The weights shown on the picture somewhat correspond to what I’ve heard from people who test such things and look at how the ranking of a given page changes when they tweak certain pages on their websites.

You should, therefore, concentrate on your content links rather than your menu and footer links. The breadcrumbs are going to be considered as part of the header as if it were a menu. This works because the Breadcrumb NavXT properly marks the breadcrumb links as such and Google knows how to recognize those links.

Search Instead of Breadcrumbs?

Yes. You’re getting it. Having a Search feature on your website (which WordPress automatically offers by default) is going to be much more useful to most of your users. This is because a user is interested in one particular answer to one particular question. Giving someone a list of unrelated (As far as the user is concerned) pages is not going to help.

Frankly,  I rarely go around except for my work when I am reading a software documentation. Such a document should have a reference to find various points I’m interested in and have summaries and the document should generally be organized as a tree of pages. In this specific case, it makes a lot of sense. This is the same for the law and some other items. However, for a website talking about more general things, it’s probably going to be difficult to find the right root and branches (i.e. in most cases, each page can be categorized under several nomenclatures—remember my reference to flying animals and bats. Should bats be under Mammal or under Flying Animals? Shouldn’t it be under both? Oh, and you have carnivorous, vegetarian, and omnivorous bats… Shall I go on?)

Still not Convinced?

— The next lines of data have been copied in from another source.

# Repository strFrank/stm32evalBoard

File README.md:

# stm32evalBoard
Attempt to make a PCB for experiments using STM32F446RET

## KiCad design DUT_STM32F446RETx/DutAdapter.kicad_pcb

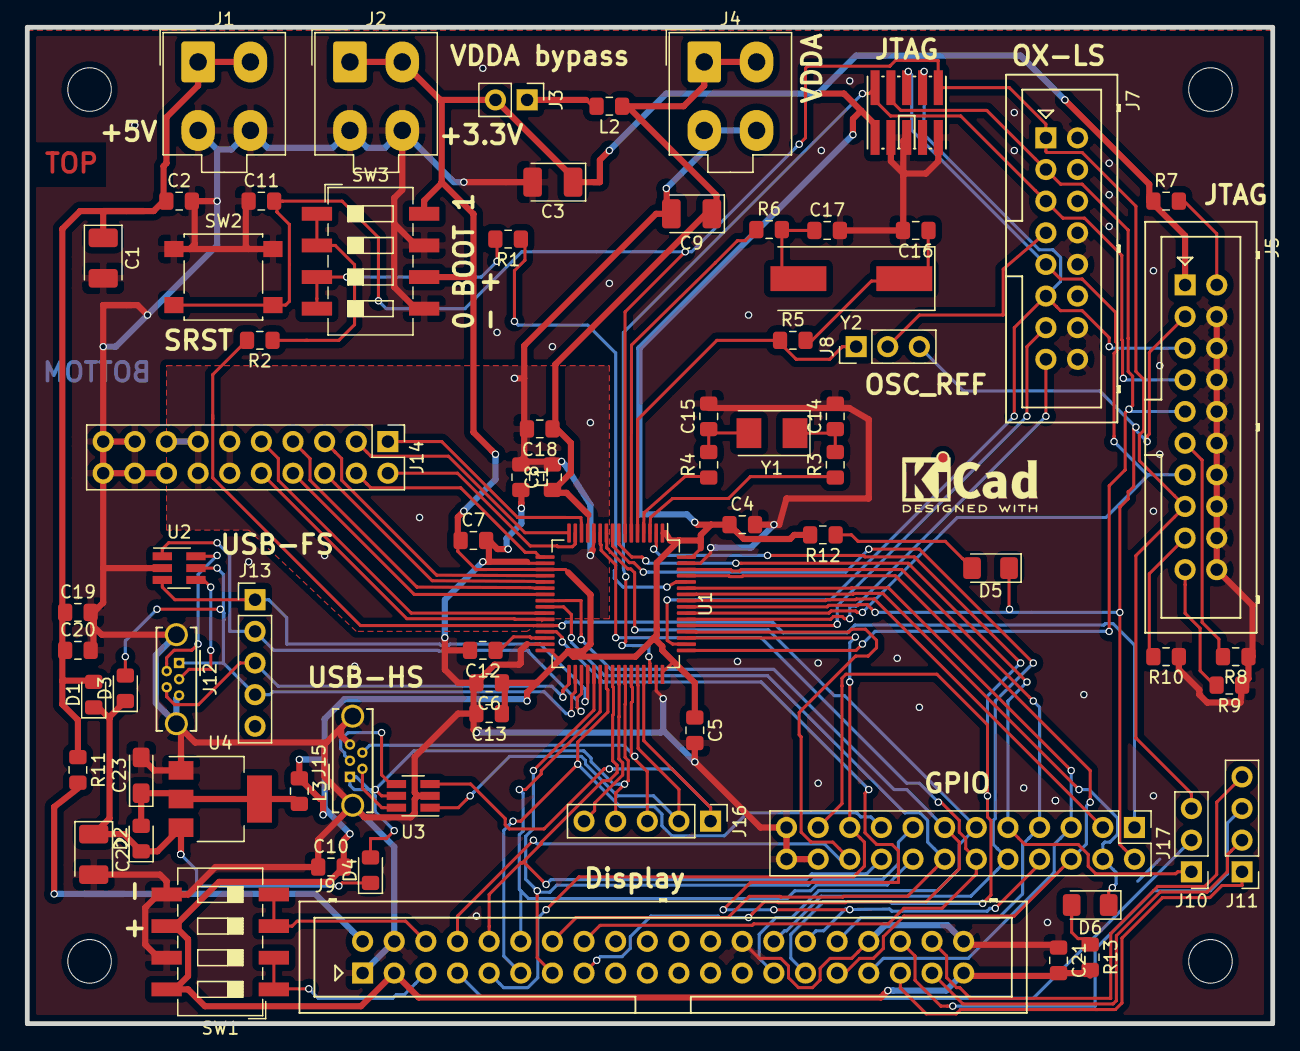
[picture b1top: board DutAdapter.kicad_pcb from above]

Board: 2 copper layers, 100.0 x 80.0 mm, 71 parts (0 on the bottom side), 86 nets.

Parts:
C1, C3, C9, C22: 10u; CP_EIA-3528-15_AVX-H_Pad1.50x2.35mm_HandSolder
C2, C4, C5, C6, C7, C8, C10, C11, C20, C21: 100n; C_0805_2012Metric_Pad1.15x1.40mm_HandSolder
C12, C13, C18, C19: 4u7 l-ESR; C_0805_2012Metric_Pad1.15x1.40mm_HandSolder
C14, C15: 1.5p; C_0805_2012Metric_Pad1.15x1.40mm_HandSolder
C16, C17: 27p; C_0805_2012Metric_Pad1.15x1.40mm_HandSolder
C23: 22u; CP_EIA-3216-18_Kemet-A_Pad1.58x1.35mm_HandSolder
D1, D2, D3, D4: D_Schottky; D_0805_2012Metric_Pad1.15x1.40mm_HandSolder
D5, D6: LED; LED_1206_3216Metric_Pad1.42x1.75mm_HandSolder
J1, J2, J4: Conn_01x04; Molex_Mini-Fit_Jr_5566-04A_2x02_P4.20mm_Vertical
J3: Conn_01x02_Male; PinHeader_1x02_P2.54mm_Vertical
J5: Conn_ARM_JTAG_SWD_20; Multicomp_MC9A12-2034_2x10_P2.54mm_Vertical
J6: JTAG_SWD_02x05_Samtec; FTSH-105-XX-X-DV
J7: OX_02x08_Odd_Even; Multicomp_MC9A12-1634_2x08_P2.54mm_Vertical
J8, J10: Conn_01x03_Male; PinHeader_1x03_P2.54mm_Vertical
J9: Conn_02x20_Odd_Even; Multicomp_MC9A12-4034_2x20_P2.54mm_Vertical
J11: Conn_01x04_Male; PinHeader_1x04_P2.54mm_Vertical
J12, J15: USB_B_Micro; USB_Micro-B_Wuerth_614105150721_Vertical_CircularHoles
J13, J16: Conn_01x05; PinHeader_1x05_P2.54mm_Vertical
J14: Conn_02x10_Top_Bottom; PinHeader_2x10_P2.54mm_Vertical
J17: Conn_02x12_Odd_Even; PinHeader_2x12_P2.54mm_Vertical
L1, L2, L3: Ferrite_Bead; L_0805_2012Metric_Pad1.15x1.40mm_HandSolder
R1, R2, R7, R8, R9, R10: 10k; R_0805_2012Metric_Pad1.15x1.40mm_HandSolder
R3, R4, R5, R6: 0R; R_0805_2012Metric_Pad1.15x1.40mm_HandSolder
R11, R12, R13: 100; R_0805_2012Metric_Pad1.15x1.40mm_HandSolder
SW1, SW3: SW_DIP_x04; SW_DIP_SPSTx04_Slide_6.7x11.72mm_W8.61mm_P2.54mm_LowProfile
SW2: SW_Push; SW_SPST_B3S-1000
U1: STM32F446RETx; LQFP-64_10x10mm_P0.5mm
U2, U3: USBLC6-2SC6; SOT-23-6_Handsoldering
U4: AZ1117-3.3; SOT-223-3_TabPin2
Y1: 32.768kHz; Crystal_SMD_5032-2Pin_5.0x3.2mm
Y2: 8MHz; Crystal_SMD_HC49-SD

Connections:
+3V3: C3.1, C4.1, C5.1, C6.1, C7.1, C10.2, C13.1, C21.2, J2.1, J2.2, J3.2, J5.1, J6.1, J9.3, J9.39, L3.1, R7.1, R12.2, R13.2, SW1.6, SW1.8, SW3.6, SW3.8, U1.1, U1.19, U1.32, U1.48, U1.64
+5V: C1.1, C2.1, C19.1, C20.1, D1.2, J1.1, J1.2, R11.1
/ADC1_IN0: J14.1, U1.14
/ADC1_IN1: J14.2, U1.15
/ADC1_IN2: J14.3, U1.16
/ADC1_IN3: J14.4, U1.17
/ADC2_IN6: J14.7, U1.22
/ADC2_IN7: J14.8, U1.23
/ADC2_IN8: J14.9, U1.26
/ADC2_IN9: J14.10, U1.27
/DAC_OUT0: J14.5, U1.20
/DAC_OUT1: J14.6, U1.21
/DB9: J9.16, J17.12, U1.11
/DB10: J9.15, J17.13, U1.24
/DB11: J9.14, J17.14, U1.25
/DB12: J9.13, J17.15, U1.37
/DB13: J9.12, J17.16, U1.38
/DB14: J9.11, J17.17, U1.39
/DB15: J9.10, J17.18, U1.40
/DB16: J9.9, J17.19, U1.51
/DB17: J9.8, J17.20, U1.52
/FMARK: J9.33, J17.5, U1.59
/LCD-CS: J9.32, J17.7, U1.62
/LCD-NRD: J9.29, J17.21, U1.2
/LCD-RS: J9.31, J17.6, U1.61
/LCD-nRST: J9.7, J10.2
/LCD_MISO: J9.27, J17.11, U1.10
/LCD_MOSI: J9.28, J17.10, U1.9
/LCD_RESET: J10.1, J17.9, U1.8
/LCD_SCL: J9.30, J17.8, U1.29
/NRST: C11.2, J5.15, J6.10, J7.1, J10.3, SW2.2, U1.7
/PB2: J17.1, R2.2, U1.28
/PB4: D5.1, J5.3, J8.3, J17.2, U1.56
/PB5: J17.3, U1.57
/PB6: D6.1, J17.4, U1.58
/RCC_OSC_REF: J8.1, R5.1, U1.5
/TCLK_SWCLK: J5.9, J6.4, J7.3, U1.49
/TDI: J5.5, J6.8, J7.11, U1.50
/TDO_SWO: J5.13, J6.6, J7.9, U1.55
/TMS_SWDIO: J5.7, J6.2, J7.5, U1.46
/UART_RX: J7.15, U1.54
/UART_TX: J7.13, U1.53
/USBOTG_FS_DM: J16.2, U1.44, U3.1
/USBOTG_FS_DP: J16.1, U1.45, U3.3
/USBOTG_FS_ID: J15.4, J16.3, U1.43
/USBOTG_FS_SOF: J16.5, U1.41
/USBOTG_FS_VBUS: D4.2, J15.1, J16.4, U1.42, U3.5
/USBOTG_HS_DM: J13.2, U1.35, U2.1
/USBOTG_HS_DP: J13.1, U1.36, U2.3
/USBOTG_HS_ID: J12.4, J13.3, U1.33
/USBOTG_HS_VBUS: D3.2, J12.1, J13.4, U1.34, U2.5
/VUSB5P: C22.1, D1.1, D2.1, D3.1, D4.1, U4.3
/X+: J9.35, J11.1
/X-: J9.37, J11.2
/Y+: J9.36, J11.3
/Y-: J9.38, J11.4
GND: C1.2, C2.2, C3.2, C4.2, C5.2, C6.2, C7.2, C10.1, C11.1, C12.2, C13.2, C14.2, C15.2, C16.2, C17.2, C19.2, C20.2, C21.1, C22.2, C23.2, J1.3, J1.4, J2.3, J2.4, J5.4, J5.6, J5.8, J5.10, J5.12, J5.14, J5.16, J5.18, J5.20, J6.3, J6.5, J6.9, J7.2, J7.4, J7.6, J7.8, J7.10, J7.12, J7.14, J7.16, J9.1, J9.4, J9.26, J9.34, J9.40, J12.5, J12.6, J14.16, J14.17, J14.18, J14.19, J14.20, J15.5, J15.6, J17.22, J17.23, J17.24, L1.2, R8.1, R9.1, R10.1, SW1.5, SW1.7, SW2.1, SW3.5, SW3.7, U1.18, U1.31, U1.47, U1.63, U2.2, U3.2, U4.1
GNDA: C8.2, C9.2, C18.2, J4.3, J4.4, J14.11, J14.12, J14.13, J14.14, J14.15, L1.1, U1.12
unnamed: C12.1, U1.30
unnamed: C14.1, R3.2, Y1.1
unnamed: C15.1, R4.2, Y1.2
unnamed: C16.1, R5.2, Y2.1
unnamed: C17.1, R6.2, Y2.2
unnamed: C23.1, D2.2, L3.2, U4.2
unnamed: D5.2, R12.1
unnamed: D6.2, R13.1
unnamed: J3.1, L2.2
unnamed: J5.2, R7.2
unnamed: J5.11, R8.2
unnamed: J5.17, R10.2
unnamed: J5.19, R9.2
unnamed: J7.7, J8.2
unnamed: J9.2, R11.2
unnamed: J9.5, SW1.1, SW1.2
unnamed: J9.6, SW1.3, SW1.4
unnamed: J12.2, U2.6
unnamed: J12.3, U2.4
unnamed: J15.2, U3.6
unnamed: J15.3, U3.4
unnamed: R1.1, U1.60
unnamed: R1.2, SW3.3, SW3.4
unnamed: R2.1, SW3.1, SW3.2
unnamed: R3.1, U1.3
unnamed: R4.1, U1.4
unnamed: R6.1, U1.6
VDDA: C8.1, C9.1, C18.1, J4.1, J4.2, L2.1, U1.13

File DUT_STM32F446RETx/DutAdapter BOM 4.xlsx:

Item | Qty | Reference(s) | Value | LibPart | Footprint | Datasheet | Digikey_PN | MPN | Manufacturer
1 | 4 | C1, C3, C9, C22 | 10u | Device:CP | Capacitor_Tantalum_SMD:CP_EIA-3528-15_AVX-H_Pad1.50x2.35mm_HandSolder | http://datasheets.avx.com/TPS.pdf | 478-2398-1-ND | TPSB106K016R0800 | AVX
2 | 10 | C2, C4, C5, C6, C7, C8, C10, C11, C20, C21 | 100n | Device:C | Capacitor_SMD:C_0805_2012Metric_Pad1.15x1.40mm_HandSolder | https://content.kemet.com/datasheets/KEM_C1002_X7R_SMD.pdf | 311-1140-1-ND | CC0805KRX7R9BB104
3 | 4 | C12, C13, C18, C19 | 4u7 l-ESR | Device:C | Capacitor_SMD:C_0805_2012Metric_Pad1.15x1.40mm_HandSolder | https://content.kemet.com/datasheets/KEM_C1006_X5R_SMD.pdf | 399-3133-1-ND | C0805C475K8PACTU
4 | 2 | C14, C15 | 1.5p | Device:C | Capacitor_SMD:C_0805_2012Metric_Pad1.15x1.40mm_HandSolder | http://www.yageo.com/documents/recent/UPY-GP_NP0_16V-to-50V_16.pdf | 311-4126-1-ND | CC0805BRNPO9BN1R5
5 | 2 | C16, C17 | 27p | Device:C | Capacitor_SMD:C_0805_2012Metric_Pad1.15x1.40mm_HandSolder | http://datasheets.avx.com/AutoU_Series.pdf | 478-3844-1-ND | 08052U270JAT2A
6 | 1 | C23 | 22u | Device:CP | Capacitor_Tantalum_SMD:CP_EIA-3216-18_Kemet-A_Pad1.58x1.35mm_HandSolder | http://datasheets.avx.com/TPS.pdf | 478-11579-1-ND | TPSA226K010R0900 | AVX
7 | 4 | D1, D2, D3, D4 | D_Schottky | Device:D_Schottky | Diode_SMD:D_0805_2012Metric_Pad1.15x1.40mm_HandSolder | http://datasheets.avx.com/schottky.pdf | 478-7800-1-ND | SD0805S020S1R0 | AVX
8 | 2 | D5, D6 | LED | Device:LED | LED_SMD:LED_1206_3216Metric_Pad1.42x1.75mm_HandSolder | ~ | 160-1168-1-ND | LTST-C150EKT
9 | 3 | J1, J2, J4 | Conn_01x04 | Connector_Generic:Conn_01x04 | Connector_Molex:Molex_Mini-Fit_Jr_5566-04A_2x02_P4.20mm_Vertical | https://www.molex.com/molex/products/datasheet.jsp?part=acti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 | WM3801-ND | 39-28-1043 | Molex
10 | 1 | J3 | Conn_01x02_Male | Connector:Conn_01x02_Male | Connector_PinHeader_2.54mm:PinHeader_1x02_P2.54mm_Vertical | https://www.molex.com/molex/products/datasheet.jsp?part=acti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 | WM50014-02-ND | 22-28-4020 | Molex
11 | 1 | J5 | Conn_ARM_JTAG_SWD_20 | Connector:Conn_ARM_JTAG_SWD_20 | Connector_Multicomp:Multicomp_MC9A12-2034_2x10_P2.54mm_Vertical | https://datasheet.octopart.com/TST-110-01-L-D-Samtec-datashe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 | SAM10837-ND | TST-110-01-L-D | Samtec
12 | 1 | J6 | JTAG_SWD_02x05_Samtec | Connector:Conn_ARM_JTAG_SWD_10 | modules:FTSH-105-XX-X-DV | http://suddendocs.samtec.com/catalog_english/ftsh_mt.pdf | SAM9438-ND | FTSH-105-01-L-DV-007-K | Samtec
13 | 1 | J7 | OCST_02x08_Odd_Even | Connector_Generic:Conn_02x08_Odd_Even | Connector_Multicomp:Multicomp_MC9A12-1634_2x08_P2.54mm_Vertical | http://datasheet.octopart.com/TSW-108-07-F-D-Samtec-datashee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 | SAM10854-ND | TSW-108-07-F-D | Samtec
14 | 2 | J8, J10 | Conn_01x03_Male | Connector:Conn_01x03_Male | Connector_PinHeader_2.54mm:PinHeader_1x03_P2.54mm_Vertical | https://www.molex.com/molex/products/datasheet.jsp?part=acti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 | WM4589-ND | 22-28-4035 | Molex
15 | 1 | J9 | Conn_02x20_Odd_Even | Connector_Generic:Conn_02x20_Odd_Even | Connector_Multicomp:Multicomp_MC9A12-4034_2x20_P2.54mm_Vertical | https://cdn.amphenol-icc.com/media/wysiwyg/files/drawing/67996.pdf | 609-4925-ND | 67996-140HLF | Amphenol ICC
16 | 1 | J11 | Conn_01x04_Male | Connector:Conn_01x04_Male | Connector_PinHeader_2.54mm:PinHeader_1x04_P2.54mm_Vertical | http://www.chipquik.com/datasheets/HDR100IMP40M-G-V-TH.pdf | HDR100IMP40M-G-V-TH-ND | HDR100IMP40M-G-V-TH | Chipquick
17 | 2 | J12, J15 | USB_B_Micro | Connector:USB_B_Micro | Connector_USB:USB_Micro-B_Wuerth_614105150721_Vertical_CircularHoles | https://katalog.we-online.de/em/datasheet/614105150721.pdf | 732-5958-1-ND | 614105150721
18 | 2 | J13, J16 | Conn_01x05 | Connector_Generic:Conn_01x05 | Connector_PinHeader_2.54mm:PinHeader_1x05_P2.54mm_Vertical | ~
19 | 1 | J14 | Conn_02x10_Top_Bottom | Connector_Generic:Conn_02x10_Top_Bottom | Connector_PinHeader_2.54mm:PinHeader_2x10_P2.54mm_Vertical | ~
20 | 1 | J17 | Conn_02x12_Odd_Even | Connector_Generic:Conn_02x12_Odd_Even | Connector_PinHeader_2.54mm:PinHeader_2x12_P2.54mm_Vertical | ~
21 | 3 | L1, L2, L3 | Ferrite_Bead | Device:Ferrite_Bead | Inductor_SMD:L_0805_2012Metric_Pad1.15x1.40mm_HandSolder | https://product.tdk.com/info/en/catalog/datasheets/beads_com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 | 445-1564-1-ND | MPZ1608S101ATAH0
22 | 6 | R1, R2, R7, R8, R9, R10 | 10k | Device:R | Resistor_SMD:R_0805_2012Metric_Pad1.15x1.40mm_HandSolder |  | 541-3015-1-ND | CRCW080510K0FKEA
23 | 4 | R3, R4, R5, R6 | 0R | Device:R | Resistor_SMD:R_0805_2012Metric_Pad1.15x1.40mm_HandSolder |  | 311-0.0CRCT-ND | RC0805FR-070RL
24 | 3 | R11, R12, R13 | 100 | Device:R | Resistor_SMD:R_1206_3216Metric_Pad1.42x1.75mm_HandSolder |  | RNCP1206FTD100RCT-ND | RNCP1206FTD100R
25 | 2 | SW1, SW3 | SW_DIP_x04 | Switch:SW_DIP_x04 | Button_Switch_SMD:SW_DIP_SPSTx04_Slide_6.7x11.72mm_W8.61mm_P2.54mm_LowProfile | https://www.ctscorp.com/wp-content/uploads/219.pdf | CT3116CT-ND | 219-4LPSTR | CTS Electrocomponents
26 | 1 | SW2 | SW_Push | Switch:SW_Push | Button_Switch_SMD:SW_SPST_B3S-1000 | http://www.te.com/commerce/DocumentDelivery/DDEController?Ac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 | 450-1804-ND | 1825910-7
27 | 1 | U1 | STM32F446RETx | MCU_ST_STM32F4:STM32F446RETx | Package_QFP:LQFP-64_10x10mm_P0.5mm |  | 497-15376-ND | STM32F446RET6
28 | 2 | U2, U3 | USBLC6-2SC6 | Power_Protection:USBLC6-2SC6 | Package_TO_SOT_SMD:SOT-23-6_Handsoldering | http://www2.st.com/resource/en/datasheet/CD00050750.pdf | 497-5235-1-ND | USBLC6-2SC6
29 | 1 | U4 | AZ1117-3.3 | Regulator_Linear:AZ1117-3.3 | Package_TO_SOT_SMD:SOT-223-3_TabPin2 | https://www.diodes.com/assets/Datasheets/AZ1117.pdf | AZ1117H-3.3TRE1DICT-ND | AZ1117H-3.3TRE1
30 | 1 | Y1 | 32.768kHz | Device:Crystal | Crystal:Crystal_SMD_5032-2Pin_5.0x3.2mm | https://support.epson.biz/td/api/doc_check.php?dl=brief_FC-1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 | 535-11937-1-ND | ABS07-120-32.768KHZ-T
31 | 1 | Y2 | 8MHz | Device:Crystal | Crystal:Crystal_SMD_HC49-SD | https://abracon.com/Resonators/abls.pdf | 535-10212-1-ND | ABLS-8.000MHZ-B4-T

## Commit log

2019-08-10 save my first STM32 project to github
2019-08-10 version change in layout file, too.

Get the Breadcrumb NavXT Plugin

Now if I just couldn’t convince you from not using a  Breadcrumb Plugin, then I wanted to mention one I use on a very few WordPress sites I have.

The plugin is named Breadcrumb NavXT.

Once installed, if you look at the settings you will notice the following option:

Link Current Item:     ☐ Yes

Make sure that setting remains unchecked so at least you don’t waste even more SEO juice.

I think that the Home Breadcrumb is turned off by default. If you don’t currently have that many levels, including the Home Breadcrumb in the trail is not a bad idea. However, remember that it adds a link and thus dilutes your SEO juice slightly on all your inner pages. Especially, if you have long titles, the breadcrumbs are going to appear on two or more lines. Not having the Home Breadcrumb may help in not having the breadcrumbs on multiple lines.

IMPORTANT NOTE: Whatever plugin you select, you must make sure that the breadcrumbs are going to be marked as such. Google understands JSON, Microdata, and RDFa (see the Google Breadcrumb Markups page). They even define markups in case your plugin supports multiple breadcrumbs on one page (i.e. multiple categories/types, so a page is the child of multiple other parent pages.)